Sous l'impact de la vague, le bateau a glissé vers nous du fait de sa
largeur et du peu de dérive et de tirant d'eau (20 centimètres), et
s'est redressé de suite, Serge s'est accroché au gui (bôme) que j'avais
largué, je me suis hissé à bord rapidement et j'ai aidé mon copain à
faire de même ; entre temps le cockpit du bateau s'était complètement
vidé, heureusement que nous avions mis les sécurités sur les capots de
coffre et de descente. Plus de peur que de mal, Serge saignait un peu
sur la pommette gauche " en fait, il s'agissait d'une abrasion formant
brûlure" suite au frottement sur un bout lors de son éjection.
J'ai juste perdu un cale pieds que j'avais installé dans le cockpit
étant donné sa largeur, Serge qui avait son portable dans sa poche l'a
retrouvé H.S vu
son bain ALLO. Nous sommes repartis complètement trempés et, deux heures
après, transit de froid, nous étions à l'abri sur un corps-mort
derrière l'ile Vénan. La nuit fut très agitée jusqu'à 3H du matin, il y
a eu 40 à 50 noeuds de vent avec rafales nous faisant pivoter de 180°
sur notre amarre.
Le 10 juillet à 6 H du matin, le calme est revenu. Après un rapide
déjeuner, nous quittons notre abri à 7 h et reprenons notre route vers
Brest. En repassant devant l'Aber Wrac'h, nous voyons la Cancalaise
en sortir et nous faisons la course, elle nous doublera au phare du
Four, ce faisant, son équipage lève le pouce et nous applaudit, nous
sommes très fiers.
La rentrée dans le goulet fut épique, à mi-marée descendante, vent force 4 à 5 contre courant, et grosse houle résiduelle de la tempête de la veille.

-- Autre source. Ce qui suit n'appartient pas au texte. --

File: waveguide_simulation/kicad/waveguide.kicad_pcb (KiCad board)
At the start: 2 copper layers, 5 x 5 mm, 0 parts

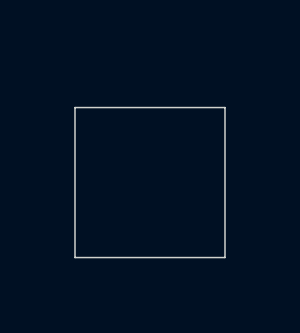
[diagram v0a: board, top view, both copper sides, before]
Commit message: [waveguide_simulation] Attempt at simulation failed, see files in relevant folder | TODO: check non-macro example (purely pcb import macro not openems macro) or check working examples first
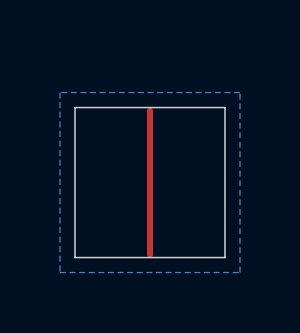
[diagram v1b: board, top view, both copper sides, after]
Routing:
- net (no net): track 0.00 -> 4.80 mm
- added copper zone on B.Cu, net (none)
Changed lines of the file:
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@@
 		(layer "Edge.Cuts")
 	)
+	(segment
+		(start 102.5 52.5)
+		(end 102.5 54.9)
+		(width 0.2)
+		(layer "F.Cu")
+		(net 0)
+	)
+	(segment
+		(start 102.5 50.1)
+		(end 102.5 52.5)
+		(width 0.2)
+		(layer "F.Cu")
+		(net 0)
+	)
+	(zone
+		(net 0)
+		(net_name "")
+		(layer "B.Cu")
+		(hatch edge 0.5)
+		(connect_pads
+			(clearance 0.5)
+		)
+		(min_thickness 0.25)
+		(filled_areas_thickness no)
+		(fill yes
+			(thermal_gap 0.5)
+			(thermal_bridge_width 0.5)
+			(island_removal_mode 1)
+			(island_area_min 10)
+		)
+		(polygon
+			(pts
+				(xy 99.5 49.5) (xy 99.5 55.5) (xy 105.5 55.5) (xy 105.5 49.5)
+			)
+		)
+	)
 )

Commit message: update waveguide and kicad project
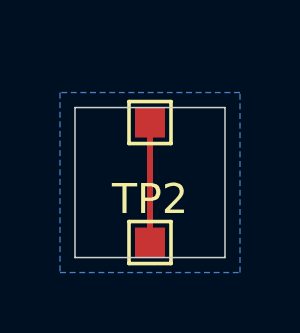
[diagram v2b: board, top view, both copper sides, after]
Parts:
- added TP1: TestPoint, TestPoint:TestPoint_Pad_1.0x1.0mm, F.Cu at (102.5, 50.5)
- added TP2: TestPoint, TestPoint:TestPoint_Pad_1.0x1.0mm, F.Cu at (102.5, 54.5)
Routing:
- net test: track 0.00 -> 4.80 mm
- net (no net): track 4.80 -> 0.00 mm

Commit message: experimented with meshing on planar waveguide
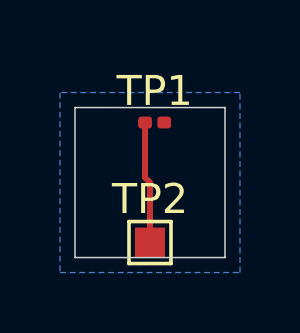
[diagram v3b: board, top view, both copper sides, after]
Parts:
- TP1: footprint TestPoint:TestPoint_Pad_1.0x1.0mm -> Resistor_SMD:R_0201_0603Metric
- moved TP1 0.16 mm to (102.7, 50.5)
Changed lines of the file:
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@@
 	(net 0 "")
 	(net 1 "test")
+	(footprint "Resistor_SMD:R_0201_0603Metric"
+		(layer "F.Cu")
+		(at 102.655 50.5)
+		(descr "Resistor SMD 0201 (0603 Metric), square (rectangular) end terminal, IPC_7351 nominal, (Body size source: https://www.vishay.com/docs/20052/crcw0201e3.pdf), generated with kicad-footprint-generator")
+		(tags "resistor")
+		(property "Reference" "TP1"
+			(at 0 -1.05 0)
+			(layer "F.SilkS")
+			(effects
+				(font
+					(size 1 1)
+					(thickness 0.15)
+				)
+			)
+		)
+		(property "Value" "TestPoint"
+			(at 0 1.05 0)
+			(layer "F.Fab")
+			(hide yes)
+			(effects
+				(font
+					(size 1 1)
+					(thickness 0.15)
+				)
+			)
+		)
+		(property "Footprint" "Resistor_SMD:R_0201_0603Metric"
+			(at 0 0 0)
+			(unlocked yes)
+			(layer "F.Fab")
+			(hide yes)
+			(effects
+				(font
+					(size 1.27 1.27)
+					(thickness 0.15)
+				)
+			)
+		)
+		(property "Datasheet" ""
+			(at 0 0 0)
+			(unlocked yes)
+			(layer "F.Fab")
+			(hide yes)
+			(effects
+				(font
+					(size 1.27 1.27)
+					(thickness 0.15)
+				)
+			)
+		)
+		(property "Description" "test point"
+			(at 0 0 0)
+			(unlocked yes)
+			(layer "F.Fab")
+			(hide yes)
+			(effects
+				(font
+					(size 1.27 1.27)
+					(thickness 0.15)
+				)
+			)
+		)
+		(property ki_fp_filters "Pin* Test*")
+		(sheetname "Root")
+		(sheetfile "waveguide.kicad_sch")
+		(attr smd)
+		(fp_line
+			(start -0.7 -0.35)
+			(end 0.7 -0.35)
+			(stroke
+				(width 0.05)
+				(type solid)
+			)
+			(layer "F.CrtYd")
+		)
+		(fp_line
+			(start -0.7 0.35)
+			(end -0.7 -0.35)
+			(stroke
+				(width 0.05)
+				(type solid)
+			)
+			(layer "F.CrtYd")
+		)
+		(fp_line
+			(start 0.7 -0.35)
+			(end 0.7 0.35)
+			(stroke
+				(width 0.05)
+				(type solid)
+			)
+			(layer "F.CrtYd")
+		)
+		(fp_line
+			(start 0.7 0.35)
+			(end -0.7 0.35)
+			(stroke
+				(width 0.05)
+				(type solid)
+			)
+			(layer "F.CrtYd")
+		)
+		(fp_line
+			(start -0.3 -0.15)
+			(end 0.3 -0.15)
+			(stroke
+				(width 0.1)
+				(type solid)
+			)
+			(layer "F.Fab")
+		)
+		(fp_line
+			(start -0.3 0.15)
+			(end -0.3 -0.15)
+			(stroke
+				(width 0.1)
+				(type solid)
+			)
+			(layer "F.Fab")
+		)
+		(fp_line
+			(start 0.3 -0.15)
+			(end 0.3 0.15)
+			(stroke
+				(width 0.1)
+				(type solid)
+			)
+			(layer "F.Fab")
+		)
+		(fp_line
+			(start 0.3 0.15)
+			(end -0.3 0.15)
+			(stroke
+				(width 0.1)
+				(type solid)
+			)
+			(layer "F.Fab")
+		)
+		(fp_text user "${REFERENCE}"
+			(at 0 -0.68 0)
+			(layer "F.Fab")
+			(effects
+				(font
+					(size 0.25 0.25)
+					(thickness 0.04)
+				)
+			)
+		)
+		(pad "" smd roundrect
+			(at -0.345 0)
+			(size 0.318 0.36)
+			(layers "F.Paste")
+			(roundrect_rratio 0.25)
+		)
+		(pad "" smd roundrect
+			(at 0.345 0)
+			(size 0.318 0.36)
+			(layers "F.Paste")
+			(roundrect_rratio 0.25)
+		)
+		(pad "1" smd roundrect
+			(at -0.32 0)
+			(size 0.46 0.4)
+			(layers "F.Cu" "F.Mask")
+			(roundrect_rratio 0.25)
+			(net 1 "test")
+			(pinfunction "1")
+			(pintype "passive")
+		)
+		(pad "2" smd roundrect
+			(at 0.32 0)
+			(size 0.46 0.4)
+			(layers "F.Cu" "F.Mask")
+			(roundrect_rratio 0.25)
+		)
+		(model "${KICAD8_3DMODEL_DIR}/Resistor_SMD.3dshapes/R_0201_0603Metric.wrl"
+			(offset
+				(xyz 0 0 0)
+			)
+			(scale
+				(xyz 1 1 1)
+			)
+			(rotate
+				(xyz 0 0 0)
+			)
+		)
+	)
 	(footprint "TestPoint:TestPoint_Pad_1.0x1.0mm"
 		(layer "F.Cu")
-		(at 102.5 50.5)
+		(at 102.5 54.5)
 		(descr "SMD rectangular pad as test Point, square 1.0mm side length")
 		(tags "test point SMD pad rectangle square")
-		(property "Reference" "TP1"
+		(property "Reference" "TP2"
 			(at 0 -1.448 0)
 			(layer "F.SilkS")
-			(hide yes)
 			(effects
 				(font
@@
 			)
 			(layer "F.CrtYd")
+		)
+		(fp_text user "${REFERENCE}"
+			(at 0 -1.45 0)
+			(layer "F.Fab")
+			(effects
+				(font
+					(size 1 1)
+					(thickness 0.15)
+				)
+			)
 		)
 		(pad "1" smd rect
@@
 		)
 	)
-	(footprint "TestPoint:TestPoint_Pad_1.0x1.0mm"
-		(layer "F.Cu")
-		(at 102.5 54.5)
-		(descr "SMD rectangular pad as test Point, square 1.0mm side length")
-		(tags "test point SMD pad rectangle square")
-		(property "Reference" "TP2"
-			(at 0 -1.448 0)
-			(layer "F.SilkS")
-			(effects
-				(font
-					(size 1 1)
-					(thickness 0.15)
-				)
-			)
-		)
-		(property "Value" "TestPoint"
-			(at 0 1.55 0)
-			(layer "F.Fab")
-			(effects
-				(font
-					(size 1 1)
-					(thickness 0.15)
-				)
-			)
-		)
-		(property "Footprint" "TestPoint:TestPoint_Pad_1.0x1.0mm"
-			(at 0 0 0)
-			(unlocked yes)
-			(layer "F.Fab")
-			(hide yes)
-			(effects
-				(font
-					(size 1.27 1.27)
-					(thickness 0.15)
-				)
-			)
-		)
-		(property "Datasheet" ""
-			(at 0 0 0)
-			(unlocked yes)
-			(layer "F.Fab")
-			(hide yes)
-			(effects
-				(font
-					(size 1.27 1.27)
-					(thickness 0.15)
-				)
-			)
-		)
-		(property "Description" "test point"
-			(at 0 0 0)
-			(unlocked yes)
-			(layer "F.Fab")
-			(hide yes)
-			(effects
-				(font
-					(size 1.27 1.27)
-					(thickness 0.15)
-				)
-			)
-		)
-		(property ki_fp_filters "Pin* Test*")
-		(sheetname "Root")
-		(sheetfile "waveguide.kicad_sch")
-		(attr exclude_from_pos_files)
-		(fp_line
-			(start -0.7 -0.7)
-			(end 0.7 -0.7)
-			(stroke
-				(width 0.12)
-				(type solid)
-			)
-			(layer "F.SilkS")
-		)
-		(fp_line
-			(start -0.7 0.7)
-			(end -0.7 -0.7)
-			(stroke
-				(width 0.12)
-				(type solid)
-			)
-			(layer "F.SilkS")
-		)
-		(fp_line
-			(start 0.7 -0.7)
-			(end 0.7 0.7)
-			(stroke
-				(width 0.12)
-				(type solid)
-			)
-			(layer "F.SilkS")
-		)
-		(fp_line
-			(start 0.7 0.7)
-			(end -0.7 0.7)
-			(stroke
-				(width 0.12)
-				(type solid)
-			)
-			(layer "F.SilkS")
-		)
-		(fp_line
-			(start -1 -1)
-			(end -1 1)
-			(stroke
-				(width 0.05)
-				(type solid)
-			)
-			(layer "F.CrtYd")
-		)
-		(fp_line
-			(start -1 -1)
-			(end 1 -1)
-			(stroke
-				(width 0.05)
-				(type solid)
-			)
-			(layer "F.CrtYd")
-		)
-		(fp_line
-			(start 1 1)
-			(end -1 1)
-			(stroke
-				(width 0.05)
-				(type solid)
-			)
-			(layer "F.CrtYd")
-		)
-		(fp_line
-			(start 1 1)
-			(end 1 -1)
-			(stroke
-				(width 0.05)
-				(type solid)
-			)
-			(layer "F.CrtYd")
-		)
-		(fp_text user "${REFERENCE}"
-			(at 0 -1.45 0)
-			(layer "F.Fab")
-			(effects
-				(font
-					(size 1 1)
-					(thickness 0.15)
-				)
-			)
-		)
-		(pad "1" smd rect
-			(at 0 0)
-			(size 1 1)
-			(layers "F.Cu" "F.Mask")
-			(net 1 "test")
-			(pinfunction "1")
-			(pintype "passive")
-		)
-	)
 	(gr_rect
 		(start 100 50)
@@
 	)
 	(segment
+		(start 102.335 52.335)
+		(end 102.5 52.5)
+		(width 0.2)
+		(layer "F.Cu")
+		(net 1)
+	)
+	(segment
+		(start 102.335 50.5)
+		(end 102.335 52.335)
+		(width 0.2)
+		(layer "F.Cu")
+		(net 1)
+	)
+	(segment
 		(start 102.5 52.5)
 		(end 102.5 54.9)
 		(width 0.2)
 		(layer "F.Cu")
-		(net 1)
-	)
-	(segment
-		(start 102.5 50.1)
-		(end 102.5 52.5)
-		(width 0.2)
-		(layer "F.Cu")

Record de vitesse en surf plus que sportif, j'avais du mal à tenir la barre à deux mains,
9,4 noeuds enregistrés sur GPS fixe Garmin 178C et sur le portable GPS
72, 8,2 noeuds sous foc seul, Dominique, le patron du chantier PLASMOR,
constructeur de mon voilier, ne m'a pas cru avant de voir les
enregistrements des GPS. Pour le retour, le CROSS-CORSEN annonçait un
vent ouest à nord-ouest de force 3 à 5, au lieu de ça, nous avons dû
marcher au moteur et à la voile depuis la pointe Saint Mathieu jusqu'à
6 milles de Kerlouan où le vent prévu est monté tardivement, nous
permettant de faire une arrivée très rapide.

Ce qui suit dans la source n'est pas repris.